To really push the boundaries in optical communication, however, we will have to follow completely new avenues of development that will be more than just perturbations of the progress we have seen so far. Non-classical, quantum-mechanical systems are likely to play an important role. They will offer completely new possibilities for optical media, and I predict that we shall see much progress at the interface between physics, applied physics and engineering.
A very exciting possibility for optical communication concerns the recent discovery that light can be slowed down by many orders of magnitude – and even be brought to a complete standstill – in a cloud of ultracold atoms. The ability to halt light in its tracks could lead to remarkable new ways of storing and manipulating optical signals and even to new techniques for quantum computers and communications.
Slowing light to a standstill
The story began three years ago in August 1998, when my research group at the Rowland Institute in Cambridge, Massachusetts, succeeded in reducing the speed of a pulse of light to just 38 miles per hour – about the speed of a Tour de France racing cyclist. What we did was to cool sodium atoms to just 50 billionths of a degree above absolute zero and then illuminate them with a carefully tuned laser beam. This “coupling laser” changed the optical properties of the atoms so dramatically that when a separate laser pulse was sent through the cloud of atoms, its speed was reduced by a factor of some 20 million. The size of the light pulse was also affected, shrinking from 1 km in free space to only 0.05 mm inside the medium. The pulse was then completely contained within the 0.1 mm long, cigar-shaped ultracold-atom cloud.
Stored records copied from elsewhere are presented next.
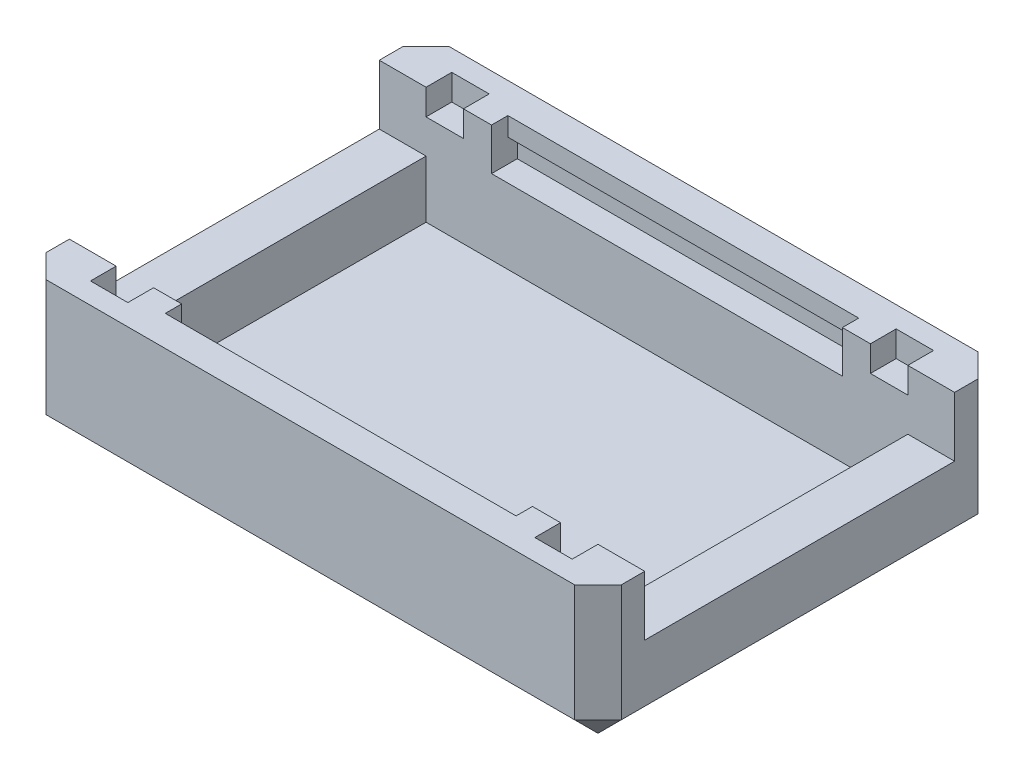
from build123d import *

# Parameters (mm, degrees)
SKETCH1_W           = 24.6
SKETCH1_H           = 17.25
SKETCH1_W_2         = 20.6
SKETCH1_H_2         = 13.25
BOSS_EXTRUDE1_DEPTH = 6
SKETCH2_W           = 20.6
SKETCH2_H           = 13.25
BOSS_EXTRUDE2_DEPTH = 1
SKETCH3_W           = 2
SKETCH3_H           = 13.25
CUT_EXTRUDE1_DEPTH  = 2.55
SKETCH4_W           = 1.6
SKETCH4_H           = 1.1
CUT_EXTRUDE2_DEPTH  = 1.1
SKETCH5_W           = 15
SKETCH5_H           = 1.4
CUT_EXTRUDE3_DEPTH  = 1.8
SKETCH6_W           = 15
SKETCH6_H           = 1
CUT_EXTRUDE4_DEPTH  = 0.4
CHAMFER1_SIZE       = 1
SKETCH8_W           = 0.37991453
SKETCH8_H           = 2.116666667
CUT_EXTRUDE5_DEPTH  = 0.2


with BuildPart() as part:
    # Sketch1 → Boss-Extrude1 (new body)
    with BuildSketch(Plane(origin=(0, 0, 0), x_dir=(1, 0, 0), z_dir=(0, 1, 0))):
        Rectangle(SKETCH1_W, SKETCH1_H)
        Rectangle(SKETCH1_W_2, SKETCH1_H_2, mode=Mode.SUBTRACT)
    extrude(amount=BOSS_EXTRUDE1_DEPTH)

    # Sketch2 → Boss-Extrude2 (add)
    with BuildSketch(Plane.XZ):
        Rectangle(SKETCH2_W, SKETCH2_H)
    extrude(amount=-BOSS_EXTRUDE2_DEPTH)

    # Sketch3 → Cut-Extrude1 (cut)
    with BuildSketch(Plane(origin=(0, 6, 0), x_dir=(1, 0, 0), z_dir=(0, 1, 0))):
        with Locations((-11.3, 0)):
            Rectangle(SKETCH3_W, SKETCH3_H)
        with Locations((11.3, 0)):
            Rectangle(SKETCH3_W, SKETCH3_H)
    extrude(amount=-CUT_EXTRUDE1_DEPTH, mode=Mode.SUBTRACT)

    # Sketch4 → Cut-Extrude2 (cut)
    with BuildSketch(Plane(origin=(0, 6, 0), x_dir=(1, 0, 0), z_dir=(0, 1, 0))):
        with Locations((-9.5, 7.175)):
            Rectangle(SKETCH4_W, SKETCH4_H)
        with Locations((9.5, 7.175)):
            Rectangle(SKETCH4_W, SKETCH4_H)
        with Locations((9.5, -7.175)):
            Rectangle(SKETCH4_W, SKETCH4_H)
        with Locations((-9.5, -7.175)):
            Rectangle(SKETCH4_W, SKETCH4_H)
    extrude(amount=-CUT_EXTRUDE2_DEPTH, mode=Mode.SUBTRACT)

    # Sketch5 → Cut-Extrude3 (cut)
    with BuildSketch(Plane(origin=(0, 6, 0), x_dir=(1, 0, 0), z_dir=(0, 1, 0))):
        with Locations((0, 6.625)):
            Rectangle(SKETCH5_W, SKETCH5_H)
        with Locations((0, -6.625)):
            Rectangle(SKETCH5_W, SKETCH5_H)
    extrude(amount=-CUT_EXTRUDE3_DEPTH, mode=Mode.SUBTRACT)

    # Sketch6 → Cut-Extrude4 (cut)
    with BuildSketch(Plane.XY.offset(-7.325)):
        with Locations((0, 4.7)):
            Rectangle(SKETCH6_W, SKETCH6_H)
    cut_extrude4 = extrude(amount=-CUT_EXTRUDE4_DEPTH, mode=Mode.SUBTRACT)

    # Mirror1: Cut-Extrude4 across plane
    add(cut_extrude4.mirror(Plane.XY), mode=Mode.SUBTRACT)

    # Chamfer1
    chamfer1_edges = [part.edges().sort_by_distance(p)[0] for p in [
        (-12.3, 0, 0),
        (0, 0, -8.625),
        (12.3, 0, 0),
        (0, 0, 8.625),
        (-12.3, 3, 8.625),
        (-12.3, 3, -8.625),
        (12.3, 3, -8.625),
        (12.3, 3, 8.625),
    ]]
    chamfer(chamfer1_edges, length=CHAMFER1_SIZE)

    # Sketch8 → Cut-Extrude5 (cut)
    # profile 1 of 11: a face of its own
    with BuildSketch(Plane.XZ):
        with BuildLine():
            Line((-2.221821581, 4.725609767), (-2.576931424, 4.400710762))
            add(Edge.make_bspline(
                [(-2.576931424, 4.400710762), (-2.592142807, 4.422167999), (-2.621346541, 4.463362902), (-2.668682747, 4.518523848), (-2.715805207, 4.56558024), (-2.76315048, 4.604335498), (-2.811138218, 4.634554155), (-2.859685119, 4.655949298), (-2.90851596, 4.669550393), (-2.941322747, 4.671244057), (-2.957481971, 4.672078283)],
                knots=[0, 0, 0, 0, 1.299362458, 2.494594718, 3.587462134, 4.587049575, 5.512617175, 6.380583204, 7.202344345, 8, 8, 8, 8], degree=3))
            add(Edge.make_bspline(
                [(-2.957481971, 4.672078283), (-2.972554832, 4.671549679), (-3.001656566, 4.670529084), (-3.043143247, 4.660384438), (-3.079975714, 4.642876269), (-3.112118019, 4.619982865), (-3.137579466, 4.592401621), (-3.157908458, 4.563475988), (-3.169355388, 4.531548631), (-3.170862029, 4.509619634), (-3.171607906, 4.49876348)],
                knots=[0, 0, 0, 0, 1.185010067, 2.2879431, 3.333075148, 4.379039566, 5.372662701, 6.27520591, 7.14612461, 8, 8, 8, 8], degree=3))
            add(Edge.make_bspline(
                [(-3.171607906, 4.49876348), (-3.171140503, 4.487750775), (-3.170199218, 4.465572718), (-3.161107685, 4.433068013), (-3.14740415, 4.401307132), (-3.134309863, 4.381972773), (-3.127616687, 4.372089969)],
                knots=[0, 0, 0, 0, 0.967525499, 1.948461899, 2.951351359, 4, 4, 4, 4], degree=3))
            add(Edge.make_bspline(
                [(-3.127616687, 4.372089969), (-3.121531865, 4.364408168), (-3.10752541, 4.346725679), (-3.080817968, 4.318719371), (-3.047279031, 4.284409192), (-3.005617948, 4.24497497), (-2.957564186, 4.198998494), (-2.900890392, 4.148287118), (-2.837227884, 4.09127037), (-2.791978048, 4.051565971), (-2.768266727, 4.030760508)],
                knots=[0, 0, 0, 0, 0.473873513, 1.090794244, 1.870441696, 2.795289791, 3.865433203, 5.087734844, 6.473946851, 8, 8, 8, 8], degree=3))
            add(Edge.make_bspline(
                [(-2.768266727, 4.030760508), (-2.746010241, 4.011498643), (-2.703772055, 3.974943623), (-2.643675504, 3.923059642), (-2.590860645, 3.87638089), (-2.544558085, 3.835607914), (-2.505469727, 3.800312912), (-2.473431242, 3.770327176), (-2.448051335, 3.746234472), (-2.433624344, 3.731682464), (-2.427467281, 3.725472047)],
                knots=[0, 0, 0, 0, 1.543621617, 2.929473131, 4.163658386, 5.240097082, 6.164993805, 6.925417477, 7.541396219, 8, 8, 8, 8], degree=3))
            add(Edge.make_bspline(
                [(-2.427467281, 3.725472047), (-2.404108667, 3.700193023), (-2.359205206, 3.651597862), (-2.300846538, 3.576290646), (-2.252815466, 3.502775447), (-2.215657717, 3.429668959), (-2.187594692, 3.355916399), (-2.167809887, 3.279708991), (-2.155960635, 3.200250414), (-2.154645092, 3.146029636), (-2.153979701, 3.118605227)],
                knots=[0, 0, 0, 0, 1.206664779, 2.319633467, 3.337109185, 4.282041471, 5.190008762, 6.099243693, 7.03861361, 8, 8, 8, 8], degree=3))
            add(Edge.make_bspline(
                [(-2.153979701, 3.118605227), (-2.154453309, 3.091883503), (-2.155382546, 3.039454487), (-2.166763913, 2.962732433), (-2.182993076, 2.889306096), (-2.208086208, 2.819974461), (-2.238669569, 2.753599469), (-2.277010229, 2.691215031), (-2.322036078, 2.632189792), (-2.373642613, 2.5775789), (-2.430725569, 2.528023301), (-2.491952464, 2.483907736), (-2.557922007, 2.447484717), (-2.628070562, 2.41749296), (-2.702360582, 2.394392907), (-2.780703565, 2.377319815), (-2.863219341, 2.367072815), (-2.919644818, 2.366001613), (-2.948471721, 2.365454352)],
                knots=[0, 0, 0, 0, 1.043214005, 2.046824704, 3.02475056, 3.976699089, 4.921714032, 5.875962561, 6.831408892, 7.817874052, 8.806269674, 9.781291748, 10.760897367, 11.74438705, 12.757449933, 13.795994037, 14.874007457, 16, 16, 16, 16], degree=3))
            add(Edge.make_bspline(
                [(-2.948471721, 2.365454352), (-2.971100595, 2.365855803), (-3.015918742, 2.366650907), (-3.081973915, 2.373142268), (-3.145757652, 2.383618633), (-3.207198105, 2.398634394), (-3.266572076, 2.4176614), (-3.323882002, 2.440902159), (-3.378732255, 2.468716894), (-3.431537856, 2.500533623), (-3.482042106, 2.537477036), (-3.530883611, 2.578791839), (-3.577577231, 2.625113469), (-3.622347225, 2.67633238), (-3.664907144, 2.732593609), (-3.706650125, 2.793113617), (-3.745720985, 2.859015571), (-3.769856794, 2.905246325), (-3.782184829, 2.928859967)],
                knots=[0, 0, 0, 0, 1.016823716, 2.013894106, 2.979844003, 3.91962641, 4.853723003, 5.779685073, 6.695824784, 7.614987388, 8.547259901, 9.504950863, 10.487499108, 11.500346958, 12.559593716, 13.656357062, 14.802919212, 16, 16, 16, 16], degree=3))
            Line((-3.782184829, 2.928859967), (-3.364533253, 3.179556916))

A very interesting application of ultra-slow light lies in the massive optical nonlinearities that are generated whenever light is slowed to such very slow speeds. Nonlinear optics – which can be used, for example, to increase the frequency of laser light – normally requires very powerful laser fields. However, we have demonstrated a “nonlinear refractive index” – a measure of how much a laser beam can change the optical properties of a medium as seen by another laser beam – that is 14 orders of magnitude larger than in an optical fibre. Indeed, it is the largest nonlinear refractive index ever measured by a factor of a million. Our work has opened up a new regime of nonlinear optics at extremely low light levels. In fact, nonlinear optics close to the single-photon level is even possible.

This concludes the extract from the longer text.